Swedish nobleman and military leader (1706–1778)

Baron Johan Augustin Mannerheim (8 August 1706 - 26 August 1778) was a Swedish nobleman, the Artillery Colonel and the Gothenburg Commandant. He was a great-great-grandfather of Baron C. G. E. Mannerheim, the Marshal of Finland.

==Biography==
Mannerheim's parents were Augustin Mannerheim (formerly Marhein; 1654–1732) and Anna Elisabeth Olderman (1665–1737). He began his studies at Uppsala University in 1722, after which he served as an extra clerk on a judicial inspection trip in 1728. After joining the military service, he served as an artillery sergeant in Stockholm in 1729, as an artillery commander in 1730, as an ensign in 1733, and as a lieutenant in 1736. After moving to the Gotland artillery battalion, Mannerheim was promoted to captain in 1741, to major in 1747 and eventually to lieutenant colonel in 1750. After attaining the rank of colonel in 1761, he resigned from military service. In 1768, Mannerheim was granted the title of Baron.

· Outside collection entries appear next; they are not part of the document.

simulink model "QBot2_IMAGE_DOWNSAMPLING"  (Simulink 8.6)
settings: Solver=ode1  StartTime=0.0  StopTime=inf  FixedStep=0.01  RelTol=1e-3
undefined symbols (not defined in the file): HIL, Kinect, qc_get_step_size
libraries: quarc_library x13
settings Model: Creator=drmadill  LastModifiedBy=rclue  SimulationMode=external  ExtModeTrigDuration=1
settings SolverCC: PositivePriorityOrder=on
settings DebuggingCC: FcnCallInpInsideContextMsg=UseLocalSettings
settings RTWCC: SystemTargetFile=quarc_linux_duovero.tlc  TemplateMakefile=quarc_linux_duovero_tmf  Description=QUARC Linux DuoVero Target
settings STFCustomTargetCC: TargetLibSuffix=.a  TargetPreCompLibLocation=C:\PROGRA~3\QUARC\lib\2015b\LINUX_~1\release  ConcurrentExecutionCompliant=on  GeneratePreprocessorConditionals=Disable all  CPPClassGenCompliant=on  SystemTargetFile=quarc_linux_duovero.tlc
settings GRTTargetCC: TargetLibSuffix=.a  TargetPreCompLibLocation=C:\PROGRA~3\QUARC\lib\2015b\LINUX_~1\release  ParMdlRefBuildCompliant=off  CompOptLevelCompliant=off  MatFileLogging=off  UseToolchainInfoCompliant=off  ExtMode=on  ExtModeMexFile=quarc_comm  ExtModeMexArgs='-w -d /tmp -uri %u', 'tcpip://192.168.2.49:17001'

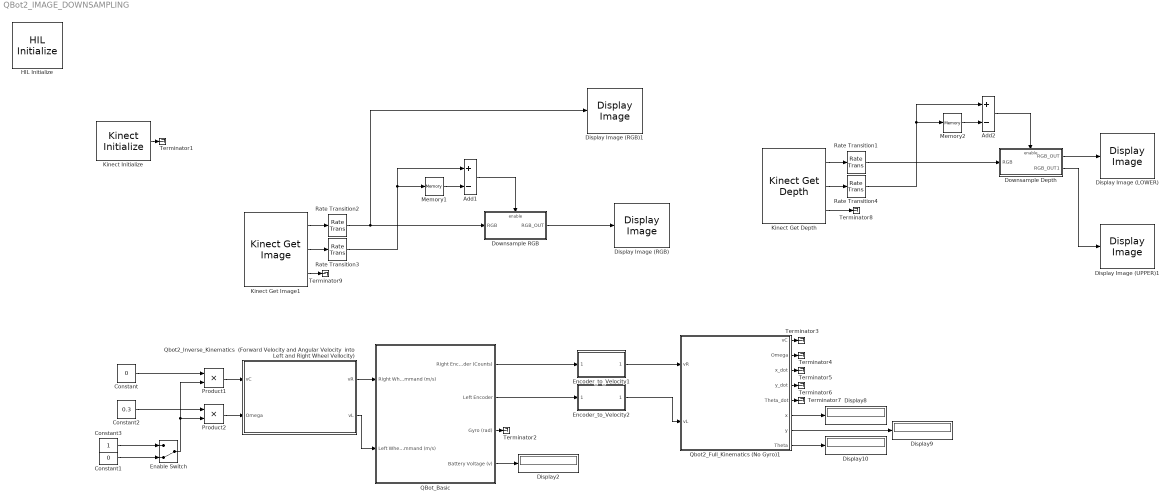
== system QBot2_IMAGE_DOWNSAMPLING ==
  Add1 : Sum  Inputs=+-
  Add2 : Sum  Inputs=+-
  Constant : Constant  Value=0
  Constant1 : Constant  Value=0
  Constant2 : Constant  Value=0.3
  Constant3 : Constant
  Display Image (LOWER) : quarc_library/Sinks/Figures/Display Image  figure_mode=Use figure window  figure_tag=figure1  axes_tag=axes1  update_rate=1  initial_position="39  232  854  629"  initial_visibility=off  sample_time=-1  axes_only=off  orig_size=off
  Display Image (RGB) : quarc_library/Sinks/Figures/Display Image  figure_mode=Use figure window  figure_tag=figure1  axes_tag=axes1  update_rate=1  initial_position="450  265  776  575"  initial_visibility=off  sample_time=-1  axes_only=off  orig_size=off
  Display Image (RGB)1 : quarc_library/Sinks/Figures/Display Image  figure_mode=Use figure window  figure_tag=figure1  axes_tag=axes1  update_rate=1  initial_position="281  313  776  575"  initial_visibility=off  sample_time=-1  axes_only=off  orig_size=off
  Display Image (UPPER)1 : quarc_library/Sinks/Figures/Display Image  figure_mode=Use figure window  figure_tag=figure1  axes_tag=axes1  update_rate=1  initial_position="833  202  808  676"  initial_visibility=off  sample_time=-1  axes_only=off  orig_size=off
  Display{2,8..10} (4 alike) : Display
  Downsample Depth : Subsystem  TreatAsAtomicUnit=on
  Downsample RGB : Subsystem  TreatAsAtomicUnit=on
  Enable Switch : ManualSwitch  CurrentSetting=0
  Encoder_to_Velocity1 : Subsystem
  Encoder_to_Velocity2 : Subsystem
  HIL Initialize : quarc_library/Data Acquisition/Generic/Configuration/HIL Initialize  Priority=-99  object_name=HIL-1  board_type=qbot2  board_number=0  board_options=enc0_dir=0;enc0_filter=1;enc0_a=0;enc0_b=0;enc0_z=1;enc0_reload=0;enc1_dir=0;enc1_filter=1;enc1_a=0;enc1_b=0;enc1_z=1;enc1_reload=0;pwm0_immediate=0;pwm1_immediate=0;pwm2_immediate=0;pwm3_immediate=0;  exclusive=off  active=off  hardware_clocks=[]  clock_modes=[]  initial_clock_frequencies=[]  set_clock_params_at_start=off  set_clock_params_at_switch_in=off  set_clock_frequencies_at_start=off  set_clock_frequencies_at_switch_in=off  analog_input_channels=[0:9]  analog_input_maximums=[5 5 5 5 16.5 3.3 3.3 3.3 3.3]  analog_input_minimums=[0 0 0 0 0 0 0 0 0]  set_analog_input_params_at_start=off  set_analog_input_params_at_switch_in=off  analog_output_channels=[]  analog_output_maximums=[]  analog_output_minimums=[]  initial_analog_outputs=[]  final_analog_outputs=[]  watchdog_analog_outputs=[]  set_analog_output_params_at_start=off  set_analog_output_params_at_switch_in=off  set_analog_outputs_at_start=off  set_analog_outputs_at_switch_in=off  set_analog_outputs_at_terminate=off  set_analog_outputs_at_switch_out=off  set_analog_outputs_on_watchdog=off  digital_input_channels=[]  digital_output_channels=[]  digital_output_configuration=[]  initial_digital_outputs=[0]  final_digital_outputs=[0]  watchdog_digital_outputs=[0]  set_digital_output_params_at_start=off  set_digital_output_params_at_switch_in=off  set_digital_outputs_at_start=on  set_digital_outputs_at_switch_in=off  set_digital_outputs_at_terminate=on  set_digital_outputs_at_switch_out=off  set_digital_outputs_on_watchdog=on  encoder_channels=[0:3]  quadrature=[4]  encoder_filter_frequency=[]  initial_encoder_counts=[0]  set_encoder_params_at_start=on  set_encoder_params_at_switch_in=off  set_encoder_counts_at_start=on  set_encoder_counts_at_switch_in=off  pwm_channels=[0:3]  pwm_modes=[0]  pwm_frequency=[20e6/1024]  pwm_configuration=[0]  pwm_alignment=[0]  pwm_polarity=[1]  pwm_leading_deadband=[0]  pwm_trailing_deadband=[0]  initial_pwm_outputs=[0]  final_pwm_outputs=[0]  watchdog_pwm_outputs=[0]  set_pwm_params_at_start=on  set_pwm_params_at_switch_in=off  set_pwm_outputs_at_start=on  set_pwm_outputs_at_switch_in=off  set_pwm_outputs_at_terminate=on  set_pwm_outputs_at_switch_out=off  set_pwm_outputs_on_watchdog=on  other_output_channels=[2000:2001 14000 16000]  initial_other_outputs=[0 0 0 7]  final_other_outputs=[0 0 0 7]  watchdog_other_outputs=[]  set_other_outputs_at_start=on  set_other_outputs_at_switch_in=off  set_other_outputs_at_terminate=on  set_other_outputs_at_switch_out=off  set_other_outputs_on_watchdog=off
  Kinect Get Depth : quarc_library/Multimedia/Kinect Get Depth  object_name=Kinect-1  resolution=640 x 480  sample_time=qc_get_step_size * ceil(0.033 / qc_get_step_size)  show_player=off
  Kinect Get Image1 : quarc_library/Multimedia/Kinect Get Image  object_name=Kinect-1  sensor_type=color  resolution=640 x 480  output_format=MATLAB RGB (HxWx3)  data_type=uint8  backlight=average brightness  flicker=none  brightness=0.2156  gain=1.0  gamma=2.2  autoexposure=on  exposure=0  contrast=1.0  sharpness=0.5  hue=0.0  saturation=1.0  autobalance=on  balance=2700  frame_interval=0  sample_time=qc_get_step_size * ceil(0.033 / qc_get_step_size)
  Kinect Initialize : quarc_library/Multimedia/Kinect Initialize  object_name=Kinect-1  kinect_type=Kinect for XBox 360  identifier=0  sample_time=qc_get_step_size * ceil(0.033 / qc_get_step_size)  active=on
  Memory1 : Memory
  Memory2 : Memory
  Product1 : Product  RndMeth=Zero
  Product2 : Product  RndMeth=Zero
  QBot_Basic : Subsystem
  Qbot2_Full_Kinematics (No Gyro)1 : Subsystem
  Qbot2_Inverse_Kinematics  (Forward Velocity and Angular Velocity  into Left and Right Wheel Vellocity) : Subsystem
  Rate Transition{1..4} (4 alike) : RateTransition
  Terminator{1..9} (9 alike) : Terminator
  wires:
  Constant3/1 -> Enable Switch/1
  Constant1/1 -> Enable Switch/2
  QBot_Basic/1(Right Encoder (Counts)) -> Encoder_to_Velocity1/1(Encoder)
  QBot_Basic/2(Left Encoder) -> Encoder_to_Velocity2/1(Encoder)
  QBot_Basic/4(Battery Voltage (v)) -> Display2/1
  Qbot2_Full_Kinematics (No Gyro)1/8(Theta) -> Display10/1
  Qbot2_Full_Kinematics (No Gyro)1/7(y) -> Display9/1
  Qbot2_Full_Kinematics (No Gyro)1/6(x) -> Display8/1
  Encoder_to_Velocity1/1(Velocity) -> Qbot2_Full_Kinematics (No Gyro)1/1(vR)
  Encoder_to_Velocity2/1(Velocity) -> Qbot2_Full_Kinematics (No Gyro)1/2(vL)
  Constant/1 -> Product1/1
  Constant2/1 -> Product2/1
  Qbot2_Inverse_Kinematics  (Forward Velocity and Angular Velocity  into Left and Right Wheel Vellocity)/1(vR) -> QBot_Basic/1(Right Wheel Command (m/s))
  Qbot2_Inverse_Kinematics  (Forward Velocity and Angular Velocity  into Left and Right Wheel Vellocity)/2(vL) -> QBot_Basic/2(Left Wheel Command (m/s))
  Product1/1 -> Qbot2_Inverse_Kinematics  (Forward Velocity and Angular Velocity  into Left and Right Wheel Vellocity)/1(vC)
  Product2/1 -> Qbot2_Inverse_Kinematics  (Forward Velocity and Angular Velocity  into Left and Right Wheel Vellocity)/2(Omega)
  Enable Switch/1 -> Product2/2, Product1/2
  Kinect Initialize/1 -> Terminator1/1
  QBot_Basic/3(Gyro (rad)) -> Terminator2/1
  Qbot2_Full_Kinematics (No Gyro)1/1(vC) -> Terminator3/1
  Qbot2_Full_Kinematics (No Gyro)1/2(Omega) -> Terminator4/1
  Qbot2_Full_Kinematics (No Gyro)1/3(x_dot) -> Terminator5/1
  Qbot2_Full_Kinematics (No Gyro)1/4(y_dot) -> Terminator6/1
  Qbot2_Full_Kinematics (No Gyro)1/5(Theta_dot) -> Terminator7/1
  Kinect Get Image1/1 -> Rate Transition2/1
  Kinect Get Image1/2 -> Rate Transition3/1
  Rate Transition3/1 -> Add1/1, Memory1/1
  Memory1/1 -> Add1/2
  Kinect Get Image1/3 -> Terminator9/1
  Add1/1 -> Downsample RGB/Enable
  Rate Transition2/1 -> Display Image (RGB)1/1, Downsample RGB/1(RGB)
  Downsample RGB/1(RGB_OUT) -> Display Image (RGB)/1
  Rate Transition4/1 -> Add2/1, Memory2/1
  Memory2/1 -> Add2/2
  Kinect Get Depth/1 -> Rate Transition1/1
  Kinect Get Depth/2 -> Rate Transition4/1
  Kinect Get Depth/3 -> Terminator8/1
  Rate Transition1/1 -> Downsample Depth/1(RGB)
  Add2/1 -> Downsample Depth/Enable
  Downsample Depth/1(RGB_OUT) -> Display Image (LOWER)/1
  Downsample Depth/2(RGB_OUT1) -> Display Image (UPPER)1/1

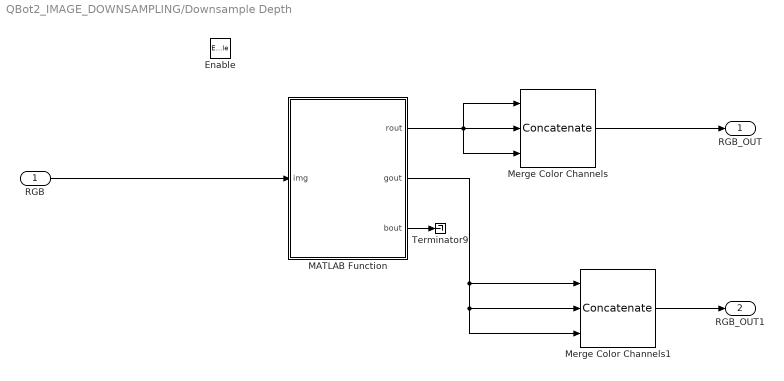
== system QBot2_IMAGE_DOWNSAMPLING/Downsample Depth ==
  RGB : Inport
  Enable : EnablePort
  MATLAB Function : MATLAB Function  TreatAsAtomicUnit=on
  Merge Color Channels : Concatenate  NumInputs=3  Mode=Multidimensional array  ConcatenateDimension=3
  Merge Color Channels1 : Concatenate  NumInputs=3  Mode=Multidimensional array  ConcatenateDimension=3
  Terminator9 : Terminator
  RGB_OUT : Outport
  RGB_OUT1 : Outport  Port=2
  wires:
  RGB/1 -> MATLAB Function/1(img)
  MATLAB Function/1(rout) -> Merge Color Channels/3, Merge Color Channels/2, Merge Color Channels/1
  Merge Color Channels/1 -> RGB_OUT/1
  Merge Color Channels1/1 -> RGB_OUT1/1
  MATLAB Function/2(gout) -> Merge Color Channels1/3, Merge Color Channels1/2, Merge Color Channels1/1
  MATLAB Function/3(bout) -> Terminator9/1

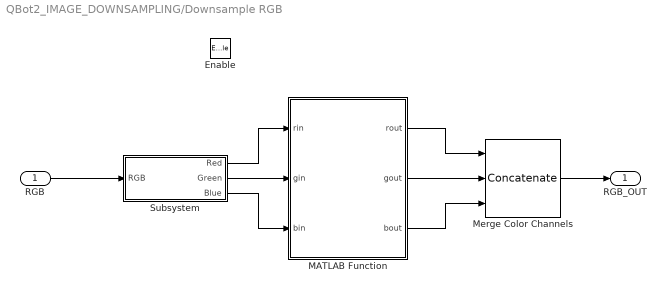
== system QBot2_IMAGE_DOWNSAMPLING/Downsample RGB ==
  RGB : Inport
  Enable : EnablePort
  MATLAB Function : MATLAB Function  TreatAsAtomicUnit=on
  Merge Color Channels : Concatenate  NumInputs=3  Mode=Multidimensional array  ConcatenateDimension=3
  Subsystem : Subsystem
  RGB_OUT : Outport
  wires:
  RGB/1 -> Subsystem/1(RGB)
  Subsystem/2(Green) -> MATLAB Function/2(gin)
  Subsystem/1(Red) -> MATLAB Function/1(rin)
  Subsystem/3(Blue) -> MATLAB Function/3(bin)
  MATLAB Function/1(rout) -> Merge Color Channels/1
  MATLAB Function/2(gout) -> Merge Color Channels/2
  MATLAB Function/3(bout) -> Merge Color Channels/3
  Merge Color Channels/1 -> RGB_OUT/1

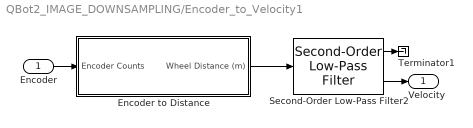
== system QBot2_IMAGE_DOWNSAMPLING/Encoder_to_Velocity1 ==
  Encoder : Inport
  Encoder to Distance : Subsystem
  Second-Order Low-Pass Filter2 : quarc_library/Continuous/Second-Order Low-Pass Filter  params_source=Internal (dialog parameters)  input_width=10  input_zeta=1  input_init=0
  Terminator1 : Terminator
  Velocity : Outport
  wires:
  Second-Order Low-Pass Filter2/2 -> Velocity/1
  Encoder/1 -> Encoder to Distance/1(Encoder Counts)
  Encoder to Distance/1(Wheel Distance (m)) -> Second-Order Low-Pass Filter2/1
  Second-Order Low-Pass Filter2/1 -> Terminator1/1

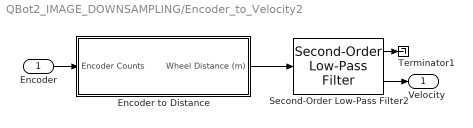
== system QBot2_IMAGE_DOWNSAMPLING/Encoder_to_Velocity2 ==
  Encoder : Inport
  Encoder to Distance : Subsystem
  Second-Order Low-Pass Filter2 : quarc_library/Continuous/Second-Order Low-Pass Filter  params_source=Internal (dialog parameters)  input_width=10  input_zeta=1  input_init=0
  Terminator1 : Terminator
  Velocity : Outport
  wires:
  Second-Order Low-Pass Filter2/1 -> Terminator1/1
  Encoder to Distance/1(Wheel Distance (m)) -> Second-Order Low-Pass Filter2/1
  Encoder/1 -> Encoder to Distance/1(Encoder Counts)
  Second-Order Low-Pass Filter2/2 -> Velocity/1

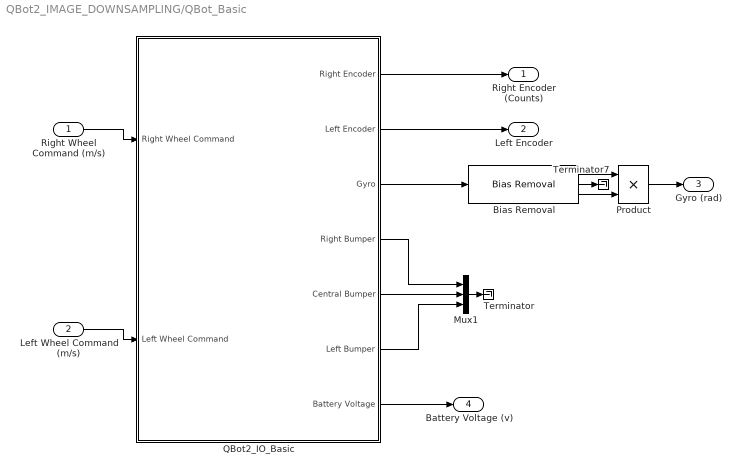
== system QBot2_IMAGE_DOWNSAMPLING/QBot_Basic ==
  Right Wheel Command (m/s) : Inport
  Left Wheel Command (m/s) : Inport  Port=2
  Bias Removal : quarc_library/Discrete/Bias Removal  start_time=3  end_time=4  switch_id=0  sample_time=qc_get_step_size
  Mux1 : Mux  Inputs=3
  Product : Product  RndMeth=Zero
  QBot2_IO_Basic : Subsystem
  Terminator : Terminator
  Terminator7 : Terminator
  Right Encoder (Counts) : Outport
  Left Encoder : Outport  Port=2
  Gyro (rad) : Outport  Port=3
  Battery Voltage (v) : Outport  Port=4
  wires:
  Mux1/1 -> Terminator/1
  QBot2_IO_Basic/3(Gyro) -> Bias Removal/1
  Product/1 -> Gyro (rad)/1
  Bias Removal/3 -> Product/2
  Bias Removal/1 -> Product/1
  Bias Removal/2 -> Terminator7/1
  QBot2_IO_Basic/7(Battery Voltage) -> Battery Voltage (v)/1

Mannerheim was initially announced as married to his fiancée, the chamberlain's daughter Margareta Elisabet Nordenflycht (1714–1748), but this ended in divorce in 1744. They had time to have a daughter Johanna Elisabeth in 1741, who, however, died at the age of five. Finally, in 1747, he married the lieutenant colonel's daughter Helene Maria Söderhjelm (1722–1793) in the Västervåla Church. They had children Anna Maria (1748–1839), Lars Augustin (1749–1835), Gustava Charlotta (b. 1753), Gustaf Johan (1754–1826) and Carl Erik (1759–1837).